Data excerpts section start

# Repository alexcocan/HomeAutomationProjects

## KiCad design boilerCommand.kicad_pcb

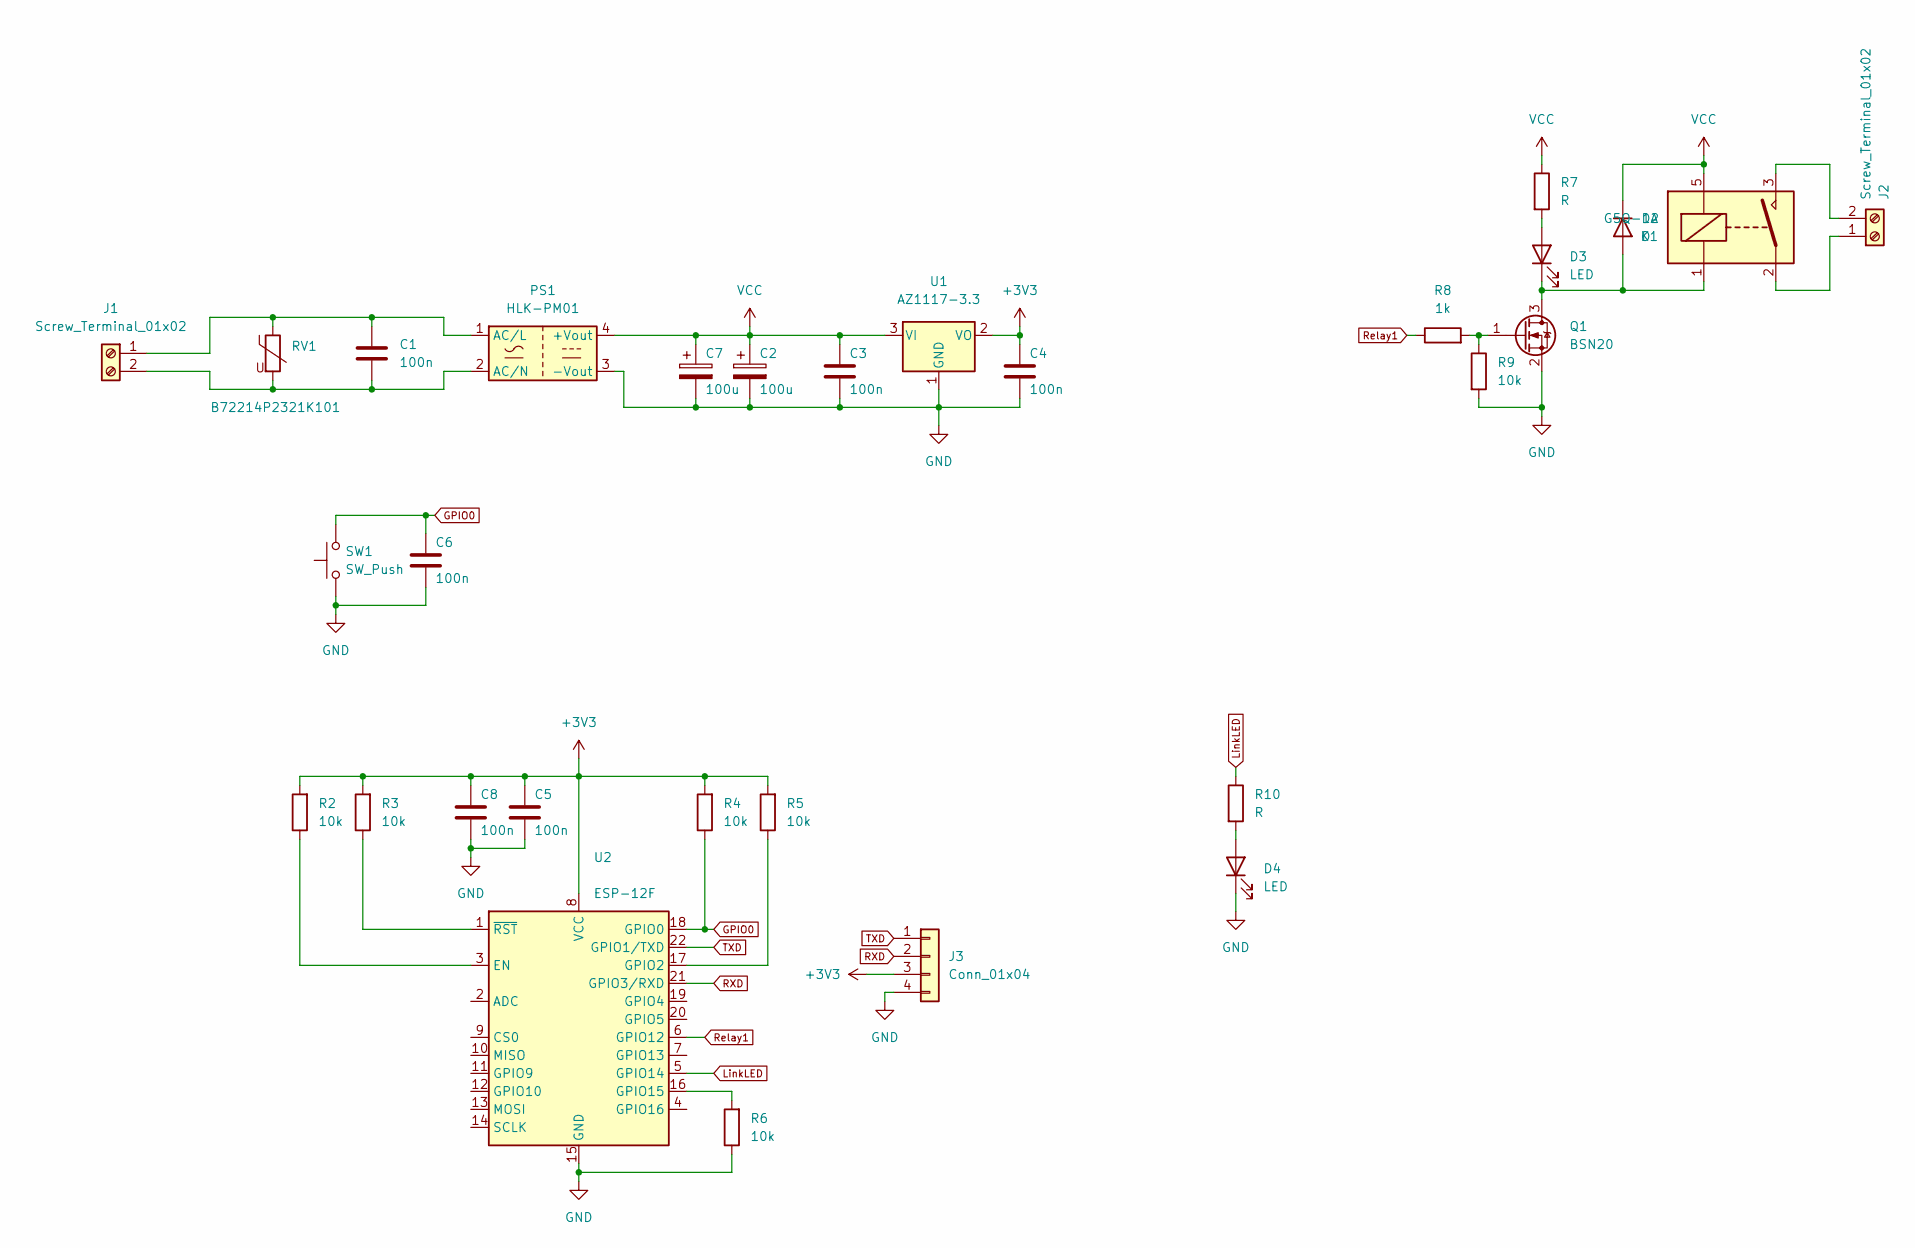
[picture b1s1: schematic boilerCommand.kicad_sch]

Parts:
C1: 100n; C_Rect_L11.5mm_W6.6mm_P10.00mm_MKT
C2, C7: 100u; CP_EIA-7343-31_Kemet-D
C3, C4, C5, C6, C8: 100n; C_0805_2012Metric_Pad1.18x1.45mm_HandSolder
D2: D; D_SMA
D3, D4: LED; LED_PLCC-2
J1, J2: Screw_Terminal_01x02; TerminalBlock_Phoenix_MKDS-1,5-2_1x02_P5.00mm_Horizontal
J3: Conn_01x04; JST_XH_B4B-XH-A_1x04_P2.50mm_Vertical
K1: G5Q-1A; Relay_SPST_Omron-G5Q-1A
PS1: HLK-PM01; Converter_ACDC_HiLink_HLK-PMxx
Q1: BSN20; SOT-23
R2, R3, R4, R5, R6, R9: 10k; R_0805_2012Metric_Pad1.20x1.40mm_HandSolder
R7, R10: R; R_0805_2012Metric_Pad1.20x1.40mm_HandSolder
R8: 1k; R_0805_2012Metric_Pad1.20x1.40mm_HandSolder
RV1: B72214P2321K101; RV_Disc_D16.5mm_W6.7mm_P7.5mm
SW1: SW_Push; SW_SPST_EVQP2
U1: AZ1117-3.3; SOT-223-3_TabPin2
U2: ESP-12F; ESP-12E

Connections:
+3V3: C4.1, C5.1, C8.1, J3.3, R2.2, R3.2, R4.2, R5.2, U1.2 (VO), U2.8 (VCC)
GND: C2.2, C3.2, C4.2, C5.2, C6.2, C7.2, C8.2, D4.1 (K), J3.4, PS1.3 (-Vout), Q1.2 (S), R6.1, R9.2, SW1.1, U1.1 (GND), U2.15 (GND)
GPIO0: C6.1, R4.1, SW1.2, U2.18 (GPIO0)
LinkLED: R10.1, U2.5 (GPIO14)
unnamed: C1.1, J1.1, PS1.1 (AC/L), RV1.1
unnamed: C1.2, J1.2, PS1.2 (AC/N), RV1.2
unnamed: D2.2 (A), D3.1 (K), K1.1, Q1.3 (D)
unnamed: D3.2 (A), R7.2
unnamed: D4.2 (A), R10.2
unnamed: J2.1, K1.2
unnamed: J2.2, K1.3
unnamed: Q1.1 (G), R8.2, R9.1
unnamed: R2.1, U2.3 (EN)
unnamed: R3.1, U2.1 (~RST)
unnamed: R5.1, U2.17 (GPIO2)
unnamed: R6.2, U2.16 (GPIO15)
RXD: J3.2, U2.21 (GPIO3/RXD)
Relay1: R8.1, U2.6 (GPIO12)
TXD: J3.1, U2.22 (GPIO1/TXD)
VCC: C2.1, C3.1, C7.1, D2.1 (K), K1.5, PS1.4 (+Vout), R7.1, U1.3 (VI)

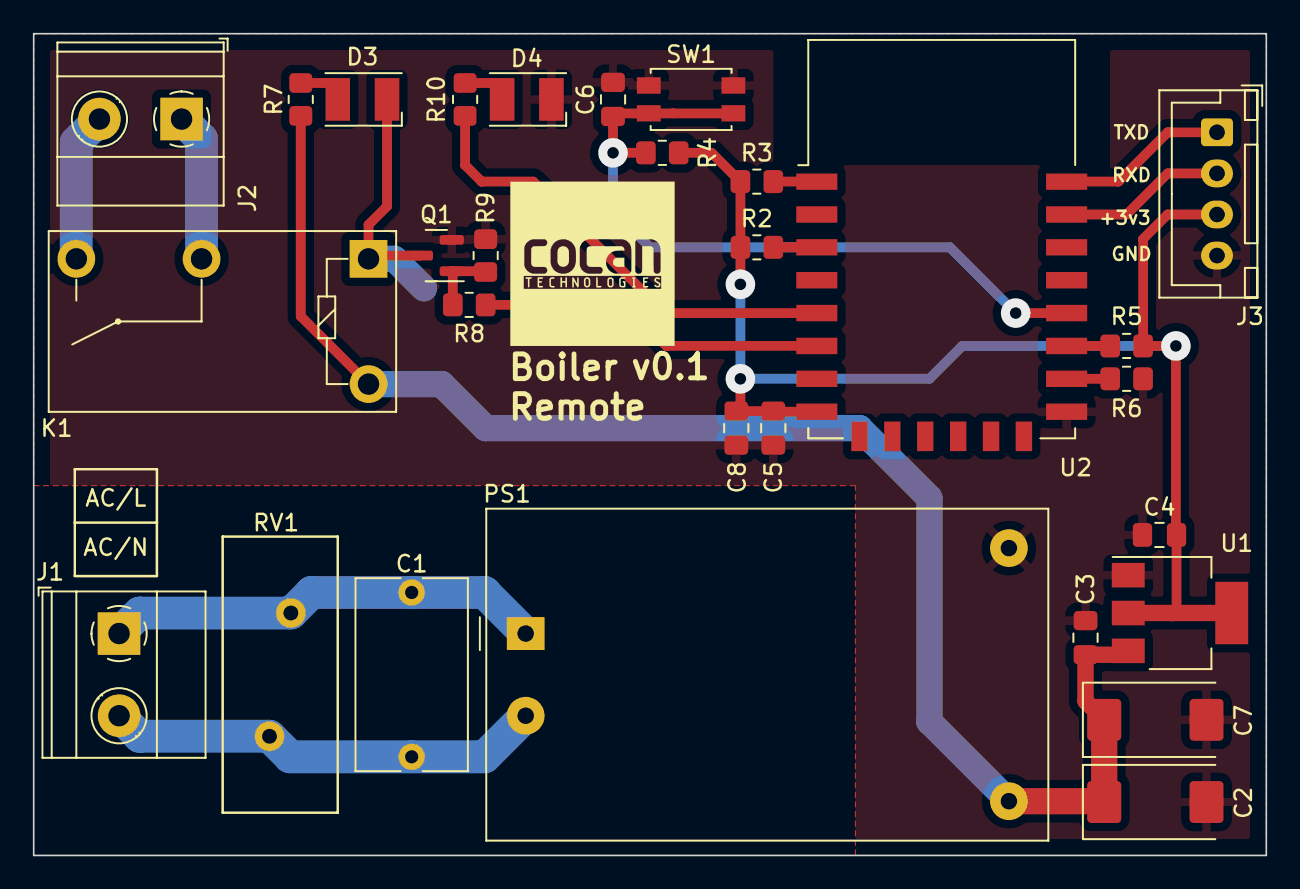
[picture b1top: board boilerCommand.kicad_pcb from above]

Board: 2 copper layers, 75.0 x 50.0 mm, 30 parts (1 on the bottom side), 20 nets.

Data excerpts section end

● Your objective: Filter the lines above, keeping each one that contains the string "Vout".

● Exercise result:
GND: C2.2, C3.2, C4.2, C5.2, C6.2, C7.2, C8.2, D4.1 (K), J3.4, PS1.3 (-Vout), Q1.2 (S), R6.1, R9.2, SW1.1, U1.1 (GND), U2.15 (GND)
VCC: C2.1, C3.1, C7.1, D2.1 (K), K1.5, PS1.4 (+Vout), R7.1, U1.3 (VI)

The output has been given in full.